Collected data
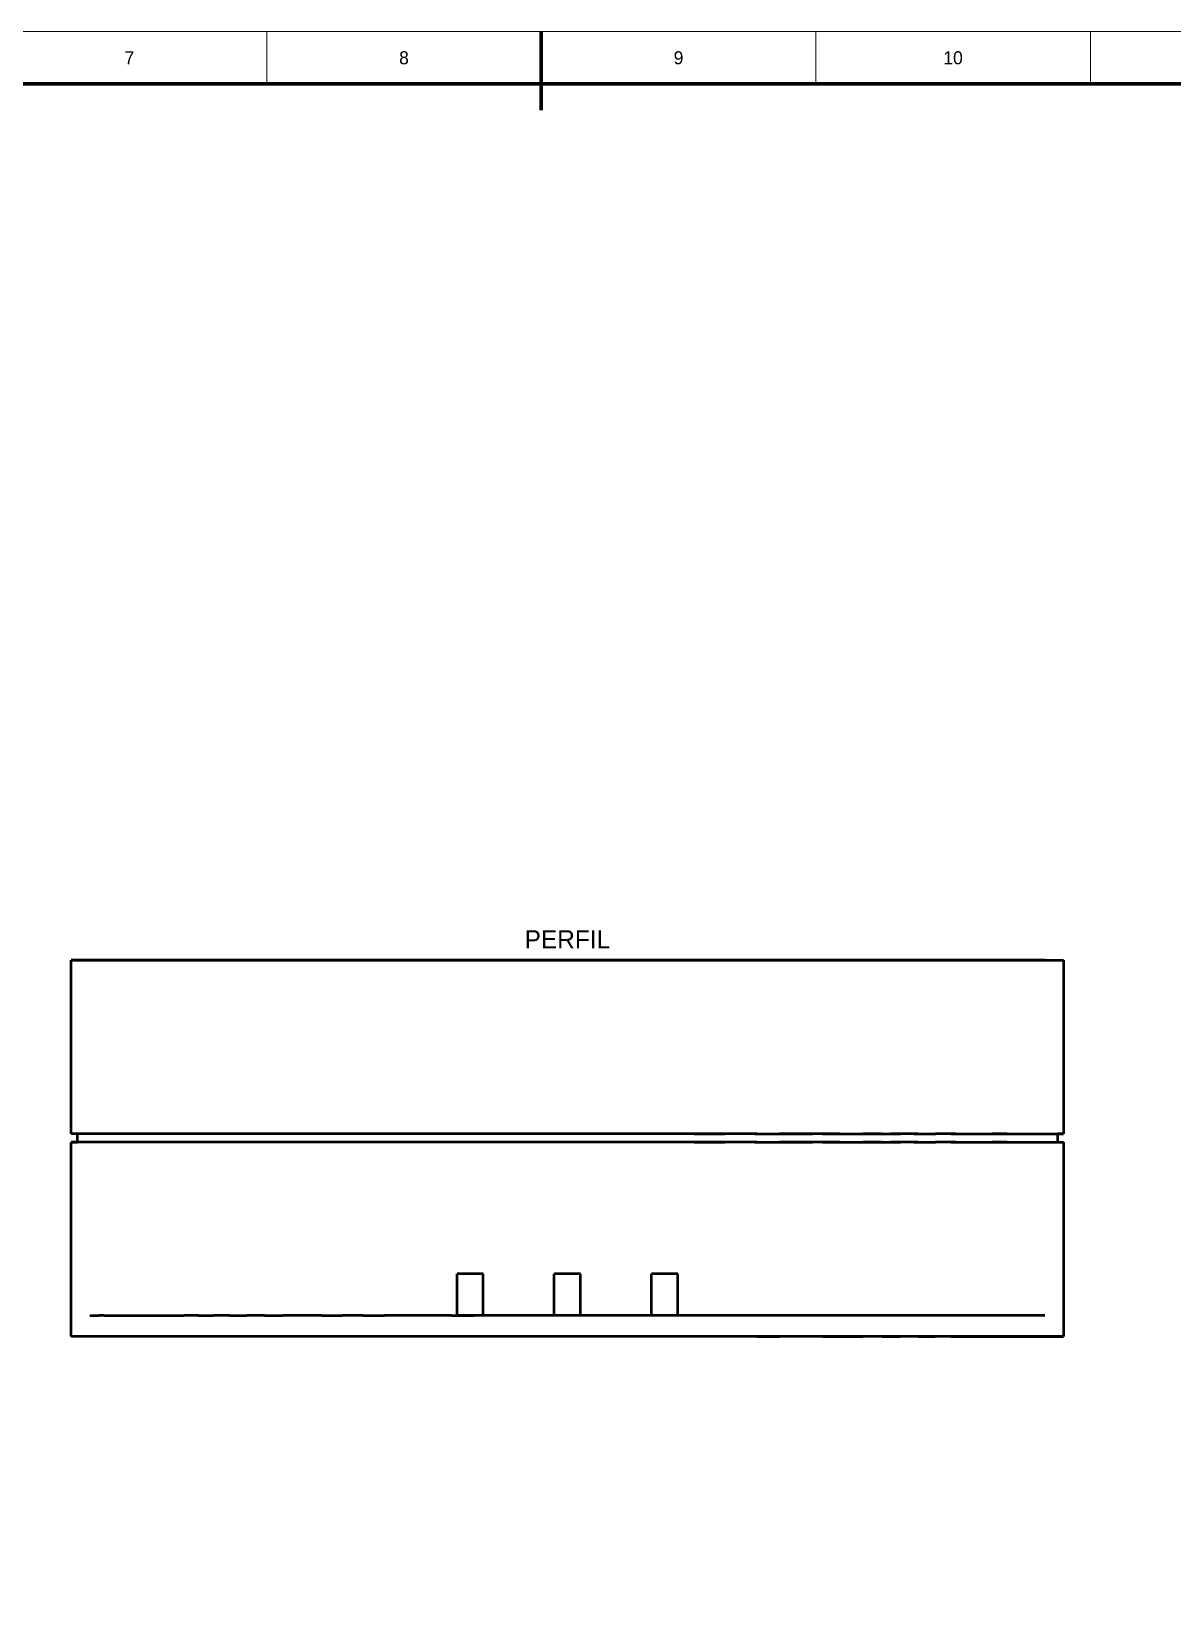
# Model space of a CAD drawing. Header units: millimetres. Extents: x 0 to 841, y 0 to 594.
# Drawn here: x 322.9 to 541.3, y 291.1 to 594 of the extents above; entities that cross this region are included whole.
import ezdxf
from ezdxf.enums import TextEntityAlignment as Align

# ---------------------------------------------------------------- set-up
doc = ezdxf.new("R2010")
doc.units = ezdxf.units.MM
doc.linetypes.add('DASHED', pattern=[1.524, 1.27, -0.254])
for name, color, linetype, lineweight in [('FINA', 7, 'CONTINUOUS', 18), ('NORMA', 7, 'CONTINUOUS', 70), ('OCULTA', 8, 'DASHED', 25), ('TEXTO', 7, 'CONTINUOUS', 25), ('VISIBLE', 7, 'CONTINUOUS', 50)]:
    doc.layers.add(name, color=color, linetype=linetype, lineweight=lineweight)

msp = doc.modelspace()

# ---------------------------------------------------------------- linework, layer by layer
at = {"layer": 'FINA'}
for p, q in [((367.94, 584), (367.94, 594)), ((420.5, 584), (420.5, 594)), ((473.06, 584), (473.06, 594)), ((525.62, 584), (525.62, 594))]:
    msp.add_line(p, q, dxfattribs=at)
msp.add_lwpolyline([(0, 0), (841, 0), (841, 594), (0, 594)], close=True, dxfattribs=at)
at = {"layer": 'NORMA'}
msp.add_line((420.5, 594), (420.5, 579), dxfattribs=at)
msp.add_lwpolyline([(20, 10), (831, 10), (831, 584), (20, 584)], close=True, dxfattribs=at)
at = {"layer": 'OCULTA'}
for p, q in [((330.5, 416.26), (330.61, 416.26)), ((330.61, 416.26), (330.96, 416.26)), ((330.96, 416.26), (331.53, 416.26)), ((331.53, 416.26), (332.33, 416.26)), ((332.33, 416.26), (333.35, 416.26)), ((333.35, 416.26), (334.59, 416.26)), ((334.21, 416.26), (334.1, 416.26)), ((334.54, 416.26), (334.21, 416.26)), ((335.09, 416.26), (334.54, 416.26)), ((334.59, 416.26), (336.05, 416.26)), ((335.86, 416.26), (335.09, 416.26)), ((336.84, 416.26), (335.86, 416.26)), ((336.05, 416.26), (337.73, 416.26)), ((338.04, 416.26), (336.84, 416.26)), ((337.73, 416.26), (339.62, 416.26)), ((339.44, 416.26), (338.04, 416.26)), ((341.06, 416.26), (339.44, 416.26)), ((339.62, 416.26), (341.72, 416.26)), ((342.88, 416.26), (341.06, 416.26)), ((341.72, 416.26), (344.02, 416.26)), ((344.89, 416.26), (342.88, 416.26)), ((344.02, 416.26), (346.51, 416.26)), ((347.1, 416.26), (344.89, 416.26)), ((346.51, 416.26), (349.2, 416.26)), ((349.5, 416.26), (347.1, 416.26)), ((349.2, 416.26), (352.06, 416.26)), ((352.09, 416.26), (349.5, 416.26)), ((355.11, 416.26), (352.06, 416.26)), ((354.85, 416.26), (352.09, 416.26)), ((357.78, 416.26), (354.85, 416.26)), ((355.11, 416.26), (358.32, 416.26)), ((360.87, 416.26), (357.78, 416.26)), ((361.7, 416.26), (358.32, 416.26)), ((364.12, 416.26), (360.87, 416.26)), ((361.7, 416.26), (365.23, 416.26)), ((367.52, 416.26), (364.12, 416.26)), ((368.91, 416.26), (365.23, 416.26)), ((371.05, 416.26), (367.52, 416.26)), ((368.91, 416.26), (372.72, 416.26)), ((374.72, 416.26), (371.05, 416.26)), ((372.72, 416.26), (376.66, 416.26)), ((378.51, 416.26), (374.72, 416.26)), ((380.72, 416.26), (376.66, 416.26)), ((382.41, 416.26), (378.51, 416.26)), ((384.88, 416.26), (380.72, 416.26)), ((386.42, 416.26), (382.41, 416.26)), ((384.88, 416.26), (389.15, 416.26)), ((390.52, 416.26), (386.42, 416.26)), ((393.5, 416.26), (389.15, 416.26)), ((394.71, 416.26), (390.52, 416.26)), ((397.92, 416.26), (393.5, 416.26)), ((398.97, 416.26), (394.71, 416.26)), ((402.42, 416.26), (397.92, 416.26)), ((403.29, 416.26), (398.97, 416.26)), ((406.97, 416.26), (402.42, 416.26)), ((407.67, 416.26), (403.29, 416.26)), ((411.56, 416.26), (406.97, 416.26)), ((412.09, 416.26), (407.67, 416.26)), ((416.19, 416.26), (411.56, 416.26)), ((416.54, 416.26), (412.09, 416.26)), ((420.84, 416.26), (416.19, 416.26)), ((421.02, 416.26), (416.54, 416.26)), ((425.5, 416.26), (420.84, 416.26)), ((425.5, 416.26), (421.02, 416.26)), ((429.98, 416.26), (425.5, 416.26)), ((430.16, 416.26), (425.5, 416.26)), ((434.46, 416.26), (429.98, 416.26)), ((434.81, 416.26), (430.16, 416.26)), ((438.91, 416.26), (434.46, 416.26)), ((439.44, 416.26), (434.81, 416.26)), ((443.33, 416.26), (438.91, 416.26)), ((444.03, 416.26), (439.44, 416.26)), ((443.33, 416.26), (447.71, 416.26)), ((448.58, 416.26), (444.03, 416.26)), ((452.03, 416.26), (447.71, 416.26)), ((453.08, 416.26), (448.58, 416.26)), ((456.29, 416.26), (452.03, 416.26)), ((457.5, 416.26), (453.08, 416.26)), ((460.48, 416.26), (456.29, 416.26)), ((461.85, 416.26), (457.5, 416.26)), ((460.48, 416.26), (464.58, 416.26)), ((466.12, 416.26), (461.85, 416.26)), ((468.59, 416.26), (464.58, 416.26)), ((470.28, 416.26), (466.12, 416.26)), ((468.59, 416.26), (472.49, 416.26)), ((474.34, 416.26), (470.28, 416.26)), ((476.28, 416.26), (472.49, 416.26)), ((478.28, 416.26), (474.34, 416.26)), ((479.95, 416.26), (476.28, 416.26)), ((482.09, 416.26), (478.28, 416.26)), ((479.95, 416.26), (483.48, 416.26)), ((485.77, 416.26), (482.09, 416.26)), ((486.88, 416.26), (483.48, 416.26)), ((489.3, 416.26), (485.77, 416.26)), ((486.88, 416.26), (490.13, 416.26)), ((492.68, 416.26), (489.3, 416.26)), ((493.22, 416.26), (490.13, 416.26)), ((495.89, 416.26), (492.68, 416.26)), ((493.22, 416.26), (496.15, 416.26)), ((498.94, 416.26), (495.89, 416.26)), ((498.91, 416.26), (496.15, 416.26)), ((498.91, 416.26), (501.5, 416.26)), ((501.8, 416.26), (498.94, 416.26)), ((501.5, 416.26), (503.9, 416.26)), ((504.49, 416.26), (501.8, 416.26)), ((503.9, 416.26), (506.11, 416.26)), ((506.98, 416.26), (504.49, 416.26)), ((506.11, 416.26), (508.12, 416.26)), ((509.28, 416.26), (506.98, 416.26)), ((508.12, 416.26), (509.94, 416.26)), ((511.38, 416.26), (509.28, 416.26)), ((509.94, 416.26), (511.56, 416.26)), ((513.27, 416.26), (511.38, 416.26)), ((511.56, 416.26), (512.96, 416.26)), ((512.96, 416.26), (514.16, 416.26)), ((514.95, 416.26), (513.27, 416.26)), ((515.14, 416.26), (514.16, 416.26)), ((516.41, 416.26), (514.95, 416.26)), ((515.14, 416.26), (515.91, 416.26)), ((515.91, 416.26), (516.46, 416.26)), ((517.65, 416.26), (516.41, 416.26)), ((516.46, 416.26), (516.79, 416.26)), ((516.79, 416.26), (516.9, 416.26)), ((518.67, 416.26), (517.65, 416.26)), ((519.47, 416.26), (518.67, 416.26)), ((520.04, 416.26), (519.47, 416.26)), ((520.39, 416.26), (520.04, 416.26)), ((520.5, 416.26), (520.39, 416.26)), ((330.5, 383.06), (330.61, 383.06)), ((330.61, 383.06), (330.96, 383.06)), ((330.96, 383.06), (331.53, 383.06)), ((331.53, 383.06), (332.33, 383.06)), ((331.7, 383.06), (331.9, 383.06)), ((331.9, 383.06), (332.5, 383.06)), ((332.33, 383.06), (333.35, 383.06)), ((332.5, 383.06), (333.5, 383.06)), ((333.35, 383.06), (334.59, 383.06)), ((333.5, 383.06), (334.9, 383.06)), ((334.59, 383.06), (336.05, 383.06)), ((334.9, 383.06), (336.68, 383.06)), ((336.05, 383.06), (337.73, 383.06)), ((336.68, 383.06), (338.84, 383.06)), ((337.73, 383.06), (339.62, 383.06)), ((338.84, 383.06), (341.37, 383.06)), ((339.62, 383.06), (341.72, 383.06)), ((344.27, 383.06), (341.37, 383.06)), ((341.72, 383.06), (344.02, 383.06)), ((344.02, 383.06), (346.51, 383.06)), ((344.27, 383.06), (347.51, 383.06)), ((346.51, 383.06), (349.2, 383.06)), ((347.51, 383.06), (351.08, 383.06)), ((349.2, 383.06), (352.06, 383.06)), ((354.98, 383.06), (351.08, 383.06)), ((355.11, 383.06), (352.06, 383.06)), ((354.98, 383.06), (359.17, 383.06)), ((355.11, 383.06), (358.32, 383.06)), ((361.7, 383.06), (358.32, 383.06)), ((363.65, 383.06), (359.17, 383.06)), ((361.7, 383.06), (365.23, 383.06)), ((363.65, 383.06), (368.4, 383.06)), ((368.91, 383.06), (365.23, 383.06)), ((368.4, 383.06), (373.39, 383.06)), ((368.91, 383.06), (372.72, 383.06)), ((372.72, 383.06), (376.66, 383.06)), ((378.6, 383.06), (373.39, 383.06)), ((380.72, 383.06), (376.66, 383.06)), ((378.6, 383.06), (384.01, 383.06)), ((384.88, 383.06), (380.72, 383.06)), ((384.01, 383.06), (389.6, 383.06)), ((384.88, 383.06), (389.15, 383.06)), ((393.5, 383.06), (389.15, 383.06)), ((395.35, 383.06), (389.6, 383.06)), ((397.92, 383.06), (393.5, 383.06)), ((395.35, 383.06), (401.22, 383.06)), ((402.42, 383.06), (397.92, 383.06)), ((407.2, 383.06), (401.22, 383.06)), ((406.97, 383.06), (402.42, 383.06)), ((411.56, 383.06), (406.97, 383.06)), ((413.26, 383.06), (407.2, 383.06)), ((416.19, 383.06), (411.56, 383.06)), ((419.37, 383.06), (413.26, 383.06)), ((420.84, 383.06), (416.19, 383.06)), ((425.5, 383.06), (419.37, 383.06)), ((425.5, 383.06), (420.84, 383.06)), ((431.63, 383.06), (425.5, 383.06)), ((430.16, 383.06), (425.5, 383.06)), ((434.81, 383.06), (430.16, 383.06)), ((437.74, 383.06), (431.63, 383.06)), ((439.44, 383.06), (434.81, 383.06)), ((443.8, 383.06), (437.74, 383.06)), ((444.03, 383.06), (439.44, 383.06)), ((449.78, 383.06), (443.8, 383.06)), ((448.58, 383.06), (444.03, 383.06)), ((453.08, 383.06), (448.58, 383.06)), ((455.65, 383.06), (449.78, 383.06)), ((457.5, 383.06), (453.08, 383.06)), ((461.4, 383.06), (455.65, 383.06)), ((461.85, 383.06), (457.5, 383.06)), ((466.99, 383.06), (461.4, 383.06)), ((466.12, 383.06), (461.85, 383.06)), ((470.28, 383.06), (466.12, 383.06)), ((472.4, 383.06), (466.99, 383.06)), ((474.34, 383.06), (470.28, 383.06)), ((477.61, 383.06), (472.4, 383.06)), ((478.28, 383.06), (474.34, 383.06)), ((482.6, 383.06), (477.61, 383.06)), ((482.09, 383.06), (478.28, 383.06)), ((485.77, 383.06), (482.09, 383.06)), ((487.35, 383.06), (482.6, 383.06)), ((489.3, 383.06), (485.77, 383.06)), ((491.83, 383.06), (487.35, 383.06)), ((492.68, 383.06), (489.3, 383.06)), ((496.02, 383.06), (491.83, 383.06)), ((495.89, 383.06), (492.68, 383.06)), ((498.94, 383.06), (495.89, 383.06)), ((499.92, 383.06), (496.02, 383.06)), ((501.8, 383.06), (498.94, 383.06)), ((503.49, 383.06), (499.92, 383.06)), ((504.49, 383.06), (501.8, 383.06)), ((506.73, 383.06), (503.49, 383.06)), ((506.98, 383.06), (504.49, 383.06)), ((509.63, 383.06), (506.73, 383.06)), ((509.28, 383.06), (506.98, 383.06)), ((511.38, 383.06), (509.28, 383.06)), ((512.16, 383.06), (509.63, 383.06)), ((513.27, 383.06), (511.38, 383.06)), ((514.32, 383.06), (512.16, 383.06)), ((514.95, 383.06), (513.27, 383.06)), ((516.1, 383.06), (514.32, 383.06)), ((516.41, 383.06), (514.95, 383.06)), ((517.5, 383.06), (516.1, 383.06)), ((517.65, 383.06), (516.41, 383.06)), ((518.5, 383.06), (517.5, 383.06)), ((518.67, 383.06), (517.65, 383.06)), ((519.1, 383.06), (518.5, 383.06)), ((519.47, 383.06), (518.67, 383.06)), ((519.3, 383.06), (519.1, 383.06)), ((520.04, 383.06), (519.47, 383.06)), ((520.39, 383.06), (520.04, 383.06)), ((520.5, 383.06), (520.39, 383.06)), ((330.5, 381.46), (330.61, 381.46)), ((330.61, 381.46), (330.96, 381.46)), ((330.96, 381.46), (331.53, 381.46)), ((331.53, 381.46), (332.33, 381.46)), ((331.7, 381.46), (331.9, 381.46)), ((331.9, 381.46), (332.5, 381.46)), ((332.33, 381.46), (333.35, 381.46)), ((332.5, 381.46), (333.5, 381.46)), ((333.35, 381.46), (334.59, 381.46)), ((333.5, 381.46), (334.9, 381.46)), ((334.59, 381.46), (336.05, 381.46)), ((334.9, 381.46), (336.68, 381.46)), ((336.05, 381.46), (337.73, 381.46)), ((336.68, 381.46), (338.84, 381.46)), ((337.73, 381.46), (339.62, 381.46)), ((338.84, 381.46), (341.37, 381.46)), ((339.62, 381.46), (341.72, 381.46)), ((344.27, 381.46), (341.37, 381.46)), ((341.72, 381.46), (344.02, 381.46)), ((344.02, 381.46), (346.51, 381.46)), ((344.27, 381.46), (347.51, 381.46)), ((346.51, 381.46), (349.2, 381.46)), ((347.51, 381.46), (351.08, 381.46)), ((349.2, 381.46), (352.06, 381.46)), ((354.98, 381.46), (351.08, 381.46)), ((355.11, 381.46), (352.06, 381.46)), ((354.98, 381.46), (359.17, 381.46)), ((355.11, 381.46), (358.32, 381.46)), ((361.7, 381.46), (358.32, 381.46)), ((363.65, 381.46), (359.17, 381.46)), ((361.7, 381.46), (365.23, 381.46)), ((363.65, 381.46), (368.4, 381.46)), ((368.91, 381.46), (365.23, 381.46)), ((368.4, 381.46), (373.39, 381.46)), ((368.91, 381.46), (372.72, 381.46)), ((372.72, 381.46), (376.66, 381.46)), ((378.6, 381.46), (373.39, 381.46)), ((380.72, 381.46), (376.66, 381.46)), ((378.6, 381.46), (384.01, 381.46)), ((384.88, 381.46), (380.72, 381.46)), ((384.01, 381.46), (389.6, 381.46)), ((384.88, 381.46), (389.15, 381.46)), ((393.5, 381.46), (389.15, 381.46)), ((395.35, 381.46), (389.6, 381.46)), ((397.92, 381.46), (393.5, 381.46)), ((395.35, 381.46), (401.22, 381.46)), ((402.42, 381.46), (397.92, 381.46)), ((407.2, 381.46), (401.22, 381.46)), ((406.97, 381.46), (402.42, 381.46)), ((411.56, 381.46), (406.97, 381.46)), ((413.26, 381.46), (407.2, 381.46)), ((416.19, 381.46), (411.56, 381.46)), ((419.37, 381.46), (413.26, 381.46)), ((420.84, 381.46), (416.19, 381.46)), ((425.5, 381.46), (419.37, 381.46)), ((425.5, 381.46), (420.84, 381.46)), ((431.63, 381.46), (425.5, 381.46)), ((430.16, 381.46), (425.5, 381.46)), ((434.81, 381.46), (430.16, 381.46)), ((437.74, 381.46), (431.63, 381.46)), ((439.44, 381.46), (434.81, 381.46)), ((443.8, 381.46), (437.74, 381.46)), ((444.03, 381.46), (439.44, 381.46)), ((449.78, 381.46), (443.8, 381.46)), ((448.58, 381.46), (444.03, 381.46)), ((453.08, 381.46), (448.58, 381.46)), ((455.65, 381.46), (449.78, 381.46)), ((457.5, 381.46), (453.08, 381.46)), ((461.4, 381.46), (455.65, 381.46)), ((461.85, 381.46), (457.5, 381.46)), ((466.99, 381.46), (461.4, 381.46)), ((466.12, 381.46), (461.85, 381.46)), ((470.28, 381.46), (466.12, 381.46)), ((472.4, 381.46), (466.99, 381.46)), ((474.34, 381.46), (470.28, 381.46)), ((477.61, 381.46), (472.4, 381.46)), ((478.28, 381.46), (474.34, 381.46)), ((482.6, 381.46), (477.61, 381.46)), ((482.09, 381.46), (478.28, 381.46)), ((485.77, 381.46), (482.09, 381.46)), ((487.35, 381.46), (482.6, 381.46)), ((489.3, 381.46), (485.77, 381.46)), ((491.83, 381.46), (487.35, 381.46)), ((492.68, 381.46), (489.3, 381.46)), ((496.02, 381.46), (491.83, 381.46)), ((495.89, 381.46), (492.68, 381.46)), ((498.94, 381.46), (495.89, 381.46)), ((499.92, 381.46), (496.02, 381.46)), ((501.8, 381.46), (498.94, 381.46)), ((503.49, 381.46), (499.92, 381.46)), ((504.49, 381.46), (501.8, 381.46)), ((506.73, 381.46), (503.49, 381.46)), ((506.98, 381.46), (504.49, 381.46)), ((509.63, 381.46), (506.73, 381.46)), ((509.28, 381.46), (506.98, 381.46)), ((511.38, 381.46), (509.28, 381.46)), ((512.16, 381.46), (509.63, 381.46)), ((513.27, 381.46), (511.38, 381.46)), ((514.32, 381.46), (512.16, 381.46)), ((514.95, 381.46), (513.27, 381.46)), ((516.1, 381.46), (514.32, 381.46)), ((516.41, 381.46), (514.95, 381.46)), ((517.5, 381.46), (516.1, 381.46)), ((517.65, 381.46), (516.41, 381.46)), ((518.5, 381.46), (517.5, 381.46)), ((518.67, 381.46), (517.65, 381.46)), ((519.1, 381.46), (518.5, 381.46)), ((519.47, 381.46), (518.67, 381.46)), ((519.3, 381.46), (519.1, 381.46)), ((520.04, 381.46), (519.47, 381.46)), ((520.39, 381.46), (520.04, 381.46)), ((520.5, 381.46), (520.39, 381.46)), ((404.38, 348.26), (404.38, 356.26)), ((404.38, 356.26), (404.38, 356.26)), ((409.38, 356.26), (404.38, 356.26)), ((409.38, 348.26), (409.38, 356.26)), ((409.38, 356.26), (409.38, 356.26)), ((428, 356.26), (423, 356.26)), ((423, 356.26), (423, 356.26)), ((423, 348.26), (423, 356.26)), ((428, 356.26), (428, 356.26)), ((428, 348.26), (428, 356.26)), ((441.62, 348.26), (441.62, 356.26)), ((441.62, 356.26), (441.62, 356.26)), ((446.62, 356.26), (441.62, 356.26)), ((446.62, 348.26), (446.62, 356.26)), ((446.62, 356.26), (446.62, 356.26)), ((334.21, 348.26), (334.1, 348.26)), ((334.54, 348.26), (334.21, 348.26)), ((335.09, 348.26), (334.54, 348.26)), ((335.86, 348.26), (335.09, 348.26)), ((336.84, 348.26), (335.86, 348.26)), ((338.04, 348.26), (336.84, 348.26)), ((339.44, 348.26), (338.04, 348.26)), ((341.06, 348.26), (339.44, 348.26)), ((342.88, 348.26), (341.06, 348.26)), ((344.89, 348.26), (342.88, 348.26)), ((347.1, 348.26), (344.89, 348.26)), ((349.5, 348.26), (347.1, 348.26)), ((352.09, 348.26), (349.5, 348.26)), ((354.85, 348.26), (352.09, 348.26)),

— The problem —
From the records above, extract exactly and only the lines that begin at the line with "# Drawn here: x" and stop after the line with "msp.add_line((420.5, 594), (420.5, 579), dxfattribs=at)".

— Expected answer —
# Drawn here: x 322.9 to 541.3, y 291.1 to 594 of the extents above; entities that cross this region are included whole.
import ezdxf
from ezdxf.enums import TextEntityAlignment as Align

# ---------------------------------------------------------------- set-up
doc = ezdxf.new("R2010")
doc.units = ezdxf.units.MM
doc.linetypes.add('DASHED', pattern=[1.524, 1.27, -0.254])
for name, color, linetype, lineweight in [('FINA', 7, 'CONTINUOUS', 18), ('NORMA', 7, 'CONTINUOUS', 70), ('OCULTA', 8, 'DASHED', 25), ('TEXTO', 7, 'CONTINUOUS', 25), ('VISIBLE', 7, 'CONTINUOUS', 50)]:
    doc.layers.add(name, color=color, linetype=linetype, lineweight=lineweight)

msp = doc.modelspace()

# ---------------------------------------------------------------- linework, layer by layer
at = {"layer": 'FINA'}
for p, q in [((367.94, 584), (367.94, 594)), ((420.5, 584), (420.5, 594)), ((473.06, 584), (473.06, 594)), ((525.62, 584), (525.62, 594))]:
    msp.add_line(p, q, dxfattribs=at)
msp.add_lwpolyline([(0, 0), (841, 0), (841, 594), (0, 594)], close=True, dxfattribs=at)
at = {"layer": 'NORMA'}
msp.add_line((420.5, 594), (420.5, 579), dxfattribs=at)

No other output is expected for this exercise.